A classical code is a Continental civilian approach to exposing the law in a specific field. It could be regarded as a method of law-making and as such it is a structural encounter for English common law. It could also be regarded as a symbol of a mentality, a way of expressing the law; then, for the English common law, it is a legal-cultural encounter.

According to the 'convergence theories' or the 'convergence debate',(283) English law can live with codification of the law. There are historical examples of efforts at codification in England and by English lawyers in the colonies. The Law Commission has been actively involved in this exercise since 1965, and many rules of English common law are now expressed in more general terms. The newer Codes both on the Continent, such as the Dutch, and in Quebec and Louisiana are allowing greater flexibility, the lack of which is one of the objections to codification in England, and they are accepting that judges should have a greater part to play.

The 'divergence theories', on the other hand, are totally opposed to any involvement of the UK in any pan-European Code. Legrand appears as a representative voice for this approach. According to him, 'Whether as cause or effect, the absence of a civil code in England, for example, is not unrelated to sociological findings that the English \rigid rules\that the English \In a head-on attack on a European Civil Code, Legrand says: 'Should the idea of a European Civil Code be supported? My answer is, emphatically: no, it should not.'(285) His main arguments are based on the facts that Europe is plurijural, that this plurijurality is under threat and that it must survive. According to Legrand, 'the idea of a European Civil Code is principally the product of two phenomena, both of which must be resisted', administrative convenience and fear(286)on the part of civilians. He further criticises the proposal in favour of a European Civil Code on four grounds: arrogance, fallaciousness, backwardness and impracticability. Legrand blames the civilians in that 'it is a curious fact that Europe should apparently want to do to itself what it did to much of the world through colonisation, that is \the effective denial of sites of contestation within itself. But simple formulas will not solve complex situations today any more than they did in the past.'(287) For him,

However, the specificity of Europe - and this is where legal history can be adduced as compelling evidence - lies not in the abolition of difference, but in the deft management of it, in the assumption of pluralism, in the acceptance of a coexistence of non-harmonised rationalities on its territory, in the willingness to enlarge the possibility of intelligible discourse between legal traditions, and in the steady practice of a politics of inclusion ensuring an equal presence for the two legal traditions represented in its midst. In short, difference must be understood and the temptation to reduce it resisted.(288)

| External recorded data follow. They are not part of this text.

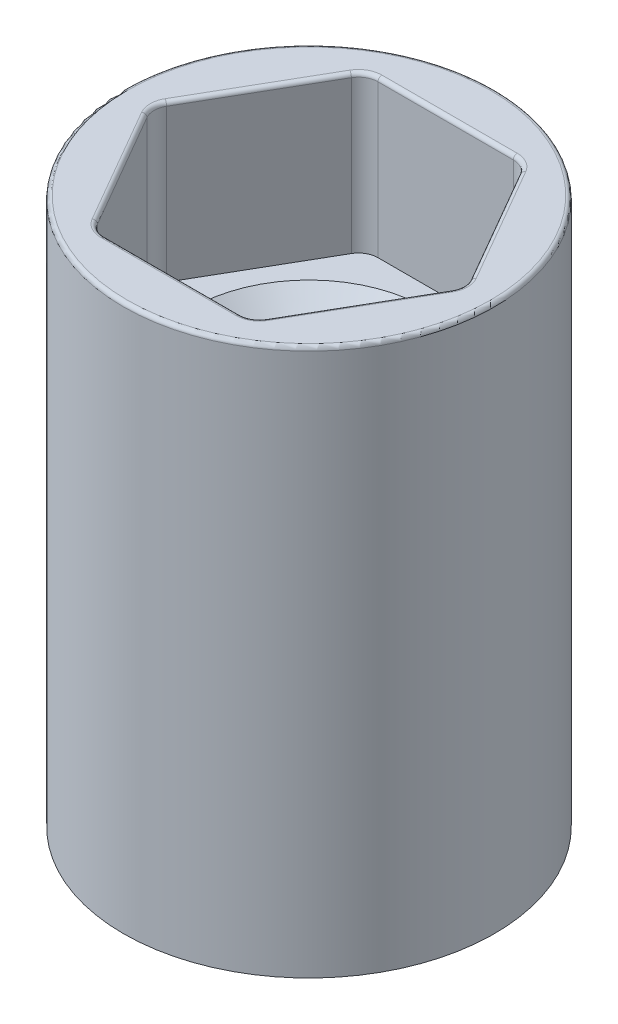
ISO-10303-21;
HEADER;
FILE_DESCRIPTION(('STEP AP214'),'2;1');
FILE_NAME('part.step','',(''),(''),'','','');
FILE_SCHEMA(('AUTOMOTIVE_DESIGN { 1 0 10303 214 1 1 1 1 }'));
ENDSEC;
DATA;
#1=APPLICATION_CONTEXT('core data for automotive mechanical design processes');
#2=APPLICATION_PROTOCOL_DEFINITION('international standard','automotive_design',2000,#1);
#3=PRODUCT_CONTEXT('',#1,'mechanical');
#4=PRODUCT('Part','Part','',(#3));
#5=PRODUCT_RELATED_PRODUCT_CATEGORY('part','',(#4));
#6=PRODUCT_DEFINITION_FORMATION('','',#4);
#7=PRODUCT_DEFINITION_CONTEXT('part definition',#1,'design');
#8=PRODUCT_DEFINITION('design','',#6,#7);
#9=PRODUCT_DEFINITION_SHAPE('','',#8);
#10=(LENGTH_UNIT() NAMED_UNIT(*) SI_UNIT(.MILLI.,.METRE.));
#11=(NAMED_UNIT(*) PLANE_ANGLE_UNIT() SI_UNIT($,.RADIAN.));
#12=(NAMED_UNIT(*) SI_UNIT($,.STERADIAN.) SOLID_ANGLE_UNIT());
#13=UNCERTAINTY_MEASURE_WITH_UNIT(LENGTH_MEASURE(1.E-05),#10,'distance_accuracy_value','');
#14=(GEOMETRIC_REPRESENTATION_CONTEXT(3) GLOBAL_UNCERTAINTY_ASSIGNED_CONTEXT((#13)) GLOBAL_UNIT_ASSIGNED_CONTEXT((#10,
#11,#12)) REPRESENTATION_CONTEXT('',''));
#15=CARTESIAN_POINT('',(0.,0.,0.));
#16=DIRECTION('',(0.,0.,1.));
#17=DIRECTION('',(1.,0.,0.));
#18=AXIS2_PLACEMENT_3D('',#15,#16,#17);
#19=CARTESIAN_POINT('',(0.,14.,0.));
#20=DIRECTION('',(0.,-1.,0.));
#21=DIRECTION('',(0.,0.,-1.));
#22=AXIS2_PLACEMENT_3D('',#19,#20,#21);
#23=CYLINDRICAL_SURFACE('',#22,2.5);
#24=CARTESIAN_POINT('',(0.,9.49999999999999,0.));
#25=DIRECTION('',(0.,1.,0.));
#26=DIRECTION('',(0.,0.,1.));
#27=AXIS2_PLACEMENT_3D('',#24,#25,#26);
#28=CIRCLE('',#27,2.5);
#29=CARTESIAN_POINT('',(0.,9.49999999999999,2.5));
#30=VERTEX_POINT('',#29);
#31=EDGE_CURVE('E223',#30,#30,#28,.T.);
#32=ORIENTED_EDGE('',*,*,#31,.T.);
#33=EDGE_LOOP('',(#32));
#34=FACE_BOUND('',#33,.T.);
#35=CARTESIAN_POINT('',(0.,0.500000000000006,0.));
#36=DIRECTION('',(0.,1.,0.));
#37=DIRECTION('',(0.,0.,1.));
#38=AXIS2_PLACEMENT_3D('',#35,#36,#37);
#39=CIRCLE('',#38,2.5);
#40=CARTESIAN_POINT('',(0.,0.500000000000006,2.5));
#41=VERTEX_POINT('',#40);
#42=EDGE_CURVE('E220',#41,#41,#39,.F.);
#43=ORIENTED_EDGE('',*,*,#42,.T.);
#44=EDGE_LOOP('',(#43));
#45=FACE_BOUND('',#44,.T.);
#46=ADVANCED_FACE('F36',(#34,#45),#23,.F.);
#47=CARTESIAN_POINT('',(0.,14.,0.));
#48=DIRECTION('',(0.,1.,0.));
#49=DIRECTION('',(0.,0.,1.));
#50=AXIS2_PLACEMENT_3D('',#47,#48,#49);
#51=PLANE('',#50);
#52=CARTESIAN_POINT('',(0.,14.,0.));
#53=DIRECTION('',(0.,1.,0.));
#54=DIRECTION('',(0.,0.,1.));
#55=AXIS2_PLACEMENT_3D('',#52,#53,#54);
#56=CIRCLE('',#55,4.65);
#57=CARTESIAN_POINT('',(0.,14.,4.65));
#58=VERTEX_POINT('',#57);
#59=EDGE_CURVE('E257',#58,#58,#56,.T.);
#60=ORIENTED_EDGE('',*,*,#59,.T.);
#61=EDGE_LOOP('',(#60));
#62=FACE_BOUND('',#61,.T.);
#63=DIRECTION('',(-0.5,0.,-0.866025403784439));
#64=VECTOR('',#63,1.);
#65=CARTESIAN_POINT('',(3.98371685740842,14.,-0.300000000000002));
#66=LINE('',#65,#64);
#67=CARTESIAN_POINT('',(2.25166604983954,14.,-3.3));
#68=VERTEX_POINT('',#67);
#69=CARTESIAN_POINT('',(3.98371685740842,14.,-0.300000000000002));
#70=VERTEX_POINT('',#69);
#71=EDGE_CURVE('E252',#68,#70,#66,.F.);
#72=ORIENTED_EDGE('',*,*,#71,.T.);
#73=CARTESIAN_POINT('',(3.46410161513776,14.,0.));
#74=DIRECTION('',(0.,1.,0.));
#75=DIRECTION('',(0.,0.,1.));
#76=AXIS2_PLACEMENT_3D('',#73,#74,#75);
#77=CIRCLE('',#76,0.6);
#78=CARTESIAN_POINT('',(3.98371685740842,14.,0.299999999999998));
#79=VERTEX_POINT('',#78);
#80=EDGE_CURVE('E254',#70,#79,#77,.F.);
#81=ORIENTED_EDGE('',*,*,#80,.T.);
#82=DIRECTION('',(0.499999999999999,0.,-0.866025403784439));
#83=VECTOR('',#82,1.);
#84=CARTESIAN_POINT('',(2.25166604983954,14.,3.3));
#85=LINE('',#84,#83);
#86=CARTESIAN_POINT('',(2.25166604983954,14.,3.3));
#87=VERTEX_POINT('',#86);
#88=EDGE_CURVE('E232',#79,#87,#85,.F.);
#89=ORIENTED_EDGE('',*,*,#88,.T.);
#90=CARTESIAN_POINT('',(1.73205080756888,14.,3.));
#91=DIRECTION('',(0.,1.,0.));
#92=DIRECTION('',(0.,0.,1.));
#93=AXIS2_PLACEMENT_3D('',#90,#91,#92);
#94=CIRCLE('',#93,0.6);
#95=CARTESIAN_POINT('',(1.73205080756888,14.,3.6));
#96=VERTEX_POINT('',#95);
#97=EDGE_CURVE('E234',#87,#96,#94,.F.);
#98=ORIENTED_EDGE('',*,*,#97,.T.);
#99=DIRECTION('',(1.,0.,0.));
#100=VECTOR('',#99,1.);
#101=CARTESIAN_POINT('',(-1.73205080756888,14.,3.6));
#102=LINE('',#101,#100);
#103=CARTESIAN_POINT('',(-1.73205080756888,14.,3.6));
#104=VERTEX_POINT('',#103);
#105=EDGE_CURVE('E236',#96,#104,#102,.F.);
#106=ORIENTED_EDGE('',*,*,#105,.T.);
#107=CARTESIAN_POINT('',(-1.73205080756888,14.,3.));
#108=DIRECTION('',(0.,1.,0.));
#109=DIRECTION('',(0.,0.,1.));
#110=AXIS2_PLACEMENT_3D('',#107,#108,#109);
#111=CIRCLE('',#110,0.6);
#112=CARTESIAN_POINT('',(-2.25166604983954,14.,3.3));
#113=VERTEX_POINT('',#112);
#114=EDGE_CURVE('E238',#104,#113,#111,.F.);
#115=ORIENTED_EDGE('',*,*,#114,.T.);
#116=DIRECTION('',(0.5,0.,0.866025403784439));
#117=VECTOR('',#116,1.);
#118=CARTESIAN_POINT('',(-3.98371685740842,14.,0.300000000000001));
#119=LINE('',#118,#117);
#120=CARTESIAN_POINT('',(-3.98371685740842,14.,0.300000000000001));
#121=VERTEX_POINT('',#120);
#122=EDGE_CURVE('E240',#113,#121,#119,.F.);
#123=ORIENTED_EDGE('',*,*,#122,.T.);
#124=CARTESIAN_POINT('',(-3.46410161513776,14.,0.));
#125=DIRECTION('',(0.,1.,0.));
#126=DIRECTION('',(0.,0.,1.));
#127=AXIS2_PLACEMENT_3D('',#124,#125,#126);
#128=CIRCLE('',#127,0.6);
#129=CARTESIAN_POINT('',(-3.98371685740842,14.,-0.299999999999999));
#130=VERTEX_POINT('',#129);
#131=EDGE_CURVE('E242',#121,#130,#128,.F.);
#132=ORIENTED_EDGE('',*,*,#131,.T.);
#133=DIRECTION('',(-0.5,0.,0.866025403784439));
#134=VECTOR('',#133,1.);
#135=CARTESIAN_POINT('',(-2.25166604983954,14.,-3.3));
#136=LINE('',#135,#134);
#137=CARTESIAN_POINT('',(-2.25166604983954,14.,-3.3));
#138=VERTEX_POINT('',#137);
#139=EDGE_CURVE('E244',#130,#138,#136,.F.);
#140=ORIENTED_EDGE('',*,*,#139,.T.);
#141=CARTESIAN_POINT('',(-1.73205080756888,14.,-3.));
#142=DIRECTION('',(0.,1.,0.));
#143=DIRECTION('',(0.,0.,1.));
#144=AXIS2_PLACEMENT_3D('',#141,#142,#143);
#145=CIRCLE('',#144,0.6);
#146=CARTESIAN_POINT('',(-1.73205080756888,14.,-3.6));
#147=VERTEX_POINT('',#146);
#148=EDGE_CURVE('E246',#138,#147,#145,.F.);
#149=ORIENTED_EDGE('',*,*,#148,.T.);
#150=DIRECTION('',(-1.,0.,0.));
#151=VECTOR('',#150,1.);
#152=CARTESIAN_POINT('',(1.73205080756888,14.,-3.6));
#153=LINE('',#152,#151);
#154=CARTESIAN_POINT('',(1.73205080756888,14.,-3.6));
#155=VERTEX_POINT('',#154);
#156=EDGE_CURVE('E248',#147,#155,#153,.F.);
#157=ORIENTED_EDGE('',*,*,#156,.T.);
#158=CARTESIAN_POINT('',(1.73205080756888,14.,-3.));
#159=DIRECTION('',(0.,1.,0.));
#160=DIRECTION('',(0.,0.,1.));
#161=AXIS2_PLACEMENT_3D('',#158,#159,#160);
#162=CIRCLE('',#161,0.6);
#163=EDGE_CURVE('E250',#155,#68,#162,.F.);
#164=ORIENTED_EDGE('',*,*,#163,.T.);
#165=EDGE_LOOP('',(#72,#81,#89,#98,#106,#115,#123,#132,#140,#149,#157,#164));
#166=FACE_BOUND('',#165,.T.);
#167=ADVANCED_FACE('F353',(#62,#166),#51,.T.);
#168=CARTESIAN_POINT('',(0.,0.,0.));
#169=DIRECTION('',(0.,1.,0.));
#170=DIRECTION('',(0.,0.,1.));
#171=AXIS2_PLACEMENT_3D('',#168,#169,#170);
#172=PLANE('',#171);
#173=CARTESIAN_POINT('',(0.,0.,0.));
#174=DIRECTION('',(0.,1.,0.));
#175=DIRECTION('',(0.,0.,1.));
#176=AXIS2_PLACEMENT_3D('',#173,#174,#175);
#177=CIRCLE('',#176,3.);
#178=CARTESIAN_POINT('',(0.,0.,3.));
#179=VERTEX_POINT('',#178);
#180=EDGE_CURVE('E229',#179,#179,#177,.T.);
#181=ORIENTED_EDGE('',*,*,#180,.T.);
#182=EDGE_LOOP('',(#181));
#183=FACE_BOUND('',#182,.T.);
#184=CARTESIAN_POINT('',(0.,0.,0.));
#185=DIRECTION('',(0.,1.,0.));
#186=DIRECTION('',(0.,0.,1.));
#187=AXIS2_PLACEMENT_3D('',#184,#185,#186);
#188=CIRCLE('',#187,4.75);
#189=CARTESIAN_POINT('',(0.,0.,4.75));
#190=VERTEX_POINT('',#189);
#191=EDGE_CURVE('E187',#190,#190,#188,.T.);
#192=ORIENTED_EDGE('',*,*,#191,.F.);
#193=EDGE_LOOP('',(#192));
#194=FACE_BOUND('',#193,.T.);
#195=ADVANCED_FACE('F351',(#183,#194),#172,.F.);
#196=CARTESIAN_POINT('',(0.,14.,0.));
#197=DIRECTION('',(0.,-1.,0.));
#198=DIRECTION('',(0.,0.,-1.));
#199=AXIS2_PLACEMENT_3D('',#196,#197,#198);
#200=CYLINDRICAL_SURFACE('',#199,4.75);
#201=CARTESIAN_POINT('',(0.,13.9,0.));
#202=DIRECTION('',(0.,1.,0.));
#203=DIRECTION('',(0.,0.,1.));
#204=AXIS2_PLACEMENT_3D('',#201,#202,#203);
#205=CIRCLE('',#204,4.75);
#206=CARTESIAN_POINT('',(0.,13.9,4.75));
#207=VERTEX_POINT('',#206);
#208=EDGE_CURVE('E260',#207,#207,#205,.F.);
#209=ORIENTED_EDGE('',*,*,#208,.T.);
#210=EDGE_LOOP('',(#209));
#211=FACE_BOUND('',#210,.T.);
#212=ORIENTED_EDGE('',*,*,#191,.T.);
#213=EDGE_LOOP('',(#212));
#214=FACE_BOUND('',#213,.T.);
#215=ADVANCED_FACE('F349',(#211,#214),#200,.T.);
#216=CARTESIAN_POINT('',(2.02072594216369,10.,3.5));
#217=DIRECTION('',(0.866025403784439,0.,0.5));
#218=DIRECTION('',(0.499999999999999,0.,-0.866025403784439));
#219=AXIS2_PLACEMENT_3D('',#216,#217,#218);
#220=PLANE('',#219);
#221=DIRECTION('',(0.,1.,0.));
#222=VECTOR('',#221,1.);
#223=CARTESIAN_POINT('',(2.1650635094611,14.,3.25));
#224=LINE('',#223,#222);
#225=CARTESIAN_POINT('',(2.1650635094611,10.,3.25));
#226=VERTEX_POINT('',#225);
#227=CARTESIAN_POINT('',(2.1650635094611,13.9,3.25));
#228=VERTEX_POINT('',#227);
#229=EDGE_CURVE('E176',#226,#228,#224,.T.);
#230=ORIENTED_EDGE('',*,*,#229,.T.);
#231=DIRECTION('',(0.499999999999999,0.,-0.866025403784439));
#232=VECTOR('',#231,1.);
#233=CARTESIAN_POINT('',(3.89711431702997,13.9,0.249999999999999));
#234=LINE('',#233,#232);
#235=CARTESIAN_POINT('',(3.89711431702997,13.9,0.249999999999998));
#236=VERTEX_POINT('',#235);
#237=EDGE_CURVE('E11',#228,#236,#234,.T.);
#238=ORIENTED_EDGE('',*,*,#237,.T.);
#239=DIRECTION('',(0.,1.,0.));
#240=VECTOR('',#239,1.);
#241=CARTESIAN_POINT('',(3.89711431702997,10.,0.249999999999998));
#242=LINE('',#241,#240);
#243=CARTESIAN_POINT('',(3.89711431702997,10.,0.249999999999999));
#244=VERTEX_POINT('',#243);
#245=EDGE_CURVE('E179',#236,#244,#242,.F.);
#246=ORIENTED_EDGE('',*,*,#245,.T.);
#247=DIRECTION('',(0.499999999999999,0.,-0.866025403784439));
#248=VECTOR('',#247,1.);
#249=CARTESIAN_POINT('',(2.02072594216369,10.,3.5));
#250=LINE('',#249,#248);
#251=EDGE_CURVE('E167',#226,#244,#250,.T.);
#252=ORIENTED_EDGE('',*,*,#251,.F.);
#253=EDGE_LOOP('',(#230,#238,#246,#252));
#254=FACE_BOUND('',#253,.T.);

Therefore, to insist on codifying law in Europe in an effort to integrate Europe further appears to Legrand as arrogant 'for it suggests that the civilian representation of the world is more worthy than its alternative and is, in short, so superior that it deserves to supersede the common law's world view'.(289)

This type of analysis and the understanding of codification as top-down centralist legalism has also led 'law and economics' scholars to propose competition of legal systems in a free legal market as opposed to both codification, which is in effect unification, and direct harmonisation. The elements of choice and efficiency here remain the main criteria.(290) Some advocates of the 'new ius commune', stressing the need for resystematisation of the law and the development of a European legal doctrine, also claim that this could be done without necessarily a final synthesis and unification.(291)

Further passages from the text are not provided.